TO DO: Write out the records beneath this line exactly as they appear, minus any images.

START INPUT MATERIAL

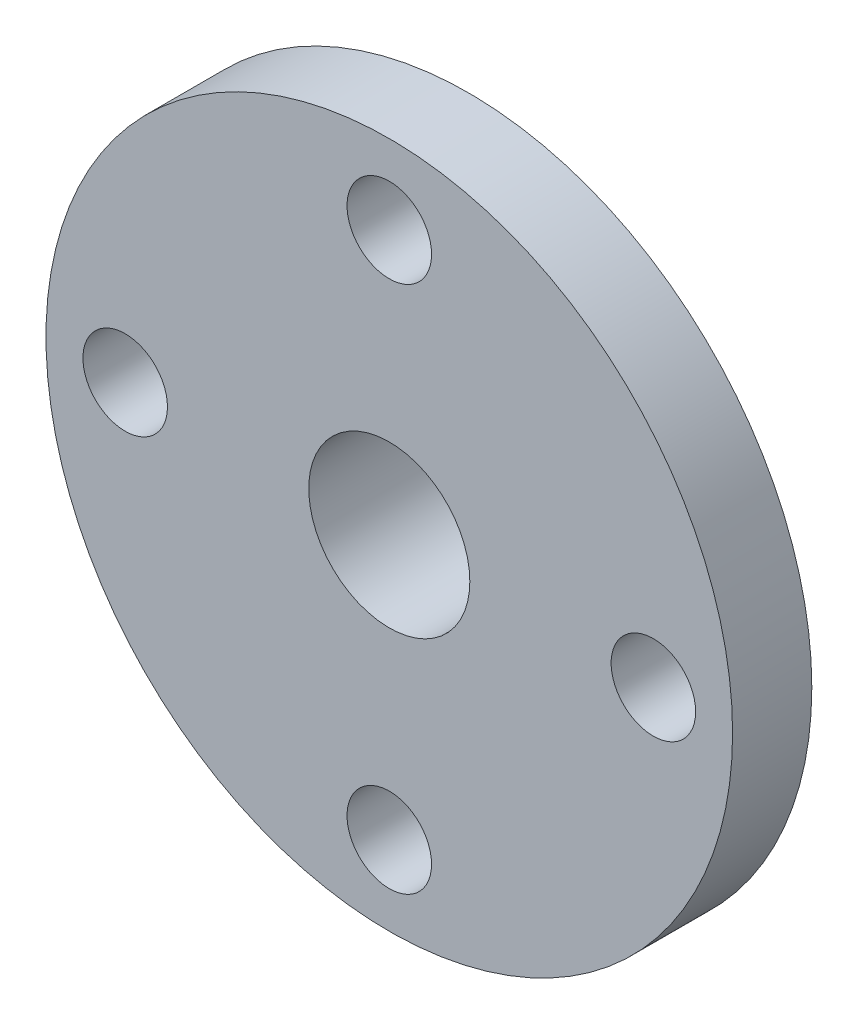
SolidWorks part; units mm, degrees
ref_plane "Front Plane" through (0, 0, 0) normal (0, 0, 1) x (1, 0, 0)
ref_plane "Top Plane" through (0, 0, 0) normal (0, 1, 0) x (1, 0, 0)
ref_plane "Right Plane" through (0, 0, 0) normal (1, 0, 0) x (0, 0, -1)
sketch "Horn_plate_envelope_profile" plane through (0, 0, 0) normal (0, 0, 1) x (1, 0, 0)
  circle A0 centre (0, 0) radius 13
  circle A1 centre (0, 0) radius 3.05
  dimension "D1" = 26
  dimension "D2" = 6.1
extrude "Horn_plate_envelope" add sketch "Horn_plate_envelope_profile" along normal blind 3
sketch "Spline_hub_envelope_profile" plane through (0, 0, 0) normal (0, 0, 1) x (1, 0, 0)
  circle A0 centre (0, 0) radius 4.5
  circle A1 centre (0, 0) radius 3.05
  dimension "D1" = 9
  dimension "D2" = 6.1
extrude "Spline_hub_envelope" add sketch "Spline_hub_envelope_profile" along normal blind 4 from offset 4
sketch "Nominal_horn_attachment_holes_profile" plane through (0, 0, 0) normal (0, 0, 1) x (1, 0, 0)
  circle A0 centre (-10, 0) radius 1.6
  circle A1 centre (10, 0) radius 1.6
  circle A2 centre (0, -10) radius 1.6
  circle A3 centre (0, 10) radius 1.6
  dimension "D1" = 3.2
  dimension "D2" = 3.2
  dimension "D3" = 3.2
  dimension "D4" = 3.2
extrude "Nominal_horn_attachment_holes" cut sketch "Nominal_horn_attachment_holes_profile" along normal through all from offset 50
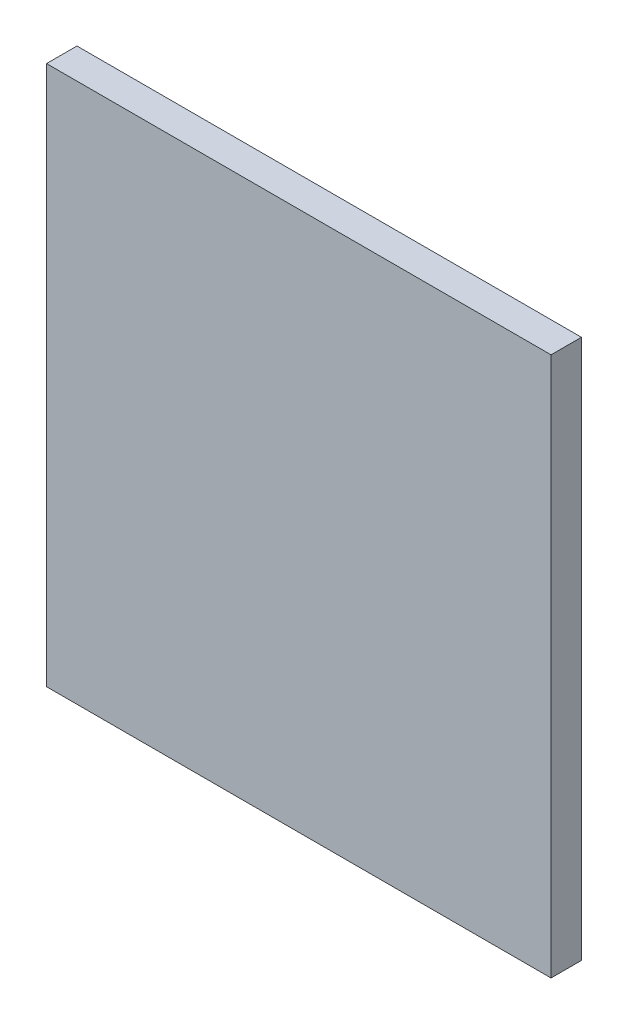
SolidWorks part; units mm, degrees
ref_plane "前视基准面" through (0, 0, 0) normal (0, 0, 1) x (1, 0, 0)
ref_plane "上视基准面" through (0, 0, 0) normal (0, 1, 0) x (1, 0, 0)
ref_plane "右视基准面" through (0, 0, 0) normal (1, 0, 0) x (0, 0, -1)
sketch "草图1" plane through (0, 0, 0) normal (0, 0, 1) x (1, 0, 0)
  line L0 (0, 0) -> (15.76, 0)
  line L1 (15.76, 0) -> (15.76, 33.72)
  line L2 (15.76, 33.72) -> (-15.76, 33.72)
  line L3 (-15.76, 33.72) -> (-15.76, 0)
  line L4 (-15.76, 0) -> (0, 0)
  dimension "D1" = 31.52
  dimension "D2" = 33.72
extrude "凸台-拉伸1" add sketch "草图1" along normal blind 1.9
sketch "草图2" plane through (0, 0, 0) normal (0, -1, 0) x (1, 0, 0)
  line L2 (-15.76, 1.9) -> (15.76, 1.9) construction
  line L3 (0, 1.9) -> (5.7, 1.9)
  line L4 (5.7, 1.9) -> (5.7, 1.77)
  line L5 (5.7, 1.77) -> (-5.7, 1.77)
  line L6 (-5.7, 1.77) -> (-5.7, 1.9)
  line L7 (-5.7, 1.9) -> (0, 1.9)
  dimension "D1" = 11.4
  dimension "D2" = 0.13

END INPUT MATERIAL

FINISHED EXERCISE:
SolidWorks part; units mm, degrees
ref_plane "Front Plane" through (0, 0, 0) normal (0, 0, 1) x (1, 0, 0)
ref_plane "Top Plane" through (0, 0, 0) normal (0, 1, 0) x (1, 0, 0)
ref_plane "Right Plane" through (0, 0, 0) normal (1, 0, 0) x (0, 0, -1)
sketch "Horn_plate_envelope_profile" plane through (0, 0, 0) normal (0, 0, 1) x (1, 0, 0)
  circle A0 centre (0, 0) radius 13
  circle A1 centre (0, 0) radius 3.05
  dimension "D1" = 26
  dimension "D2" = 6.1
extrude "Horn_plate_envelope" add sketch "Horn_plate_envelope_profile" along normal blind 3
sketch "Spline_hub_envelope_profile" plane through (0, 0, 0) normal (0, 0, 1) x (1, 0, 0)
  circle A0 centre (0, 0) radius 4.5
  circle A1 centre (0, 0) radius 3.05
  dimension "D1" = 9
  dimension "D2" = 6.1
extrude "Spline_hub_envelope" add sketch "Spline_hub_envelope_profile" along normal blind 4 from offset 4
sketch "Nominal_horn_attachment_holes_profile" plane through (0, 0, 0) normal (0, 0, 1) x (1, 0, 0)
  circle A0 centre (-10, 0) radius 1.6
  circle A1 centre (10, 0) radius 1.6
  circle A2 centre (0, -10) radius 1.6
  circle A3 centre (0, 10) radius 1.6
  dimension "D1" = 3.2
  dimension "D2" = 3.2
  dimension "D3" = 3.2
  dimension "D4" = 3.2
extrude "Nominal_horn_attachment_holes" cut sketch "Nominal_horn_attachment_holes_profile" along normal through all from offset 50
SolidWorks part; units mm, degrees
ref_plane "前视基准面" through (0, 0, 0) normal (0, 0, 1) x (1, 0, 0)
ref_plane "上视基准面" through (0, 0, 0) normal (0, 1, 0) x (1, 0, 0)
ref_plane "右视基准面" through (0, 0, 0) normal (1, 0, 0) x (0, 0, -1)
sketch "草图1" plane through (0, 0, 0) normal (0, 0, 1) x (1, 0, 0)
  line L0 (0, 0) -> (15.76, 0)
  line L1 (15.76, 0) -> (15.76, 33.72)
  line L2 (15.76, 33.72) -> (-15.76, 33.72)
  line L3 (-15.76, 33.72) -> (-15.76, 0)
  line L4 (-15.76, 0) -> (0, 0)
  dimension "D1" = 31.52
  dimension "D2" = 33.72
extrude "凸台-拉伸1" add sketch "草图1" along normal blind 1.9
sketch "草图2" plane through (0, 0, 0) normal (0, -1, 0) x (1, 0, 0)
  line L2 (-15.76, 1.9) -> (15.76, 1.9) construction
  line L3 (0, 1.9) -> (5.7, 1.9)
  line L4 (5.7, 1.9) -> (5.7, 1.77)
  line L5 (5.7, 1.77) -> (-5.7, 1.77)
  line L6 (-5.7, 1.77) -> (-5.7, 1.9)
  line L7 (-5.7, 1.9) -> (0, 1.9)
  dimension "D1" = 11.4
  dimension "D2" = 0.13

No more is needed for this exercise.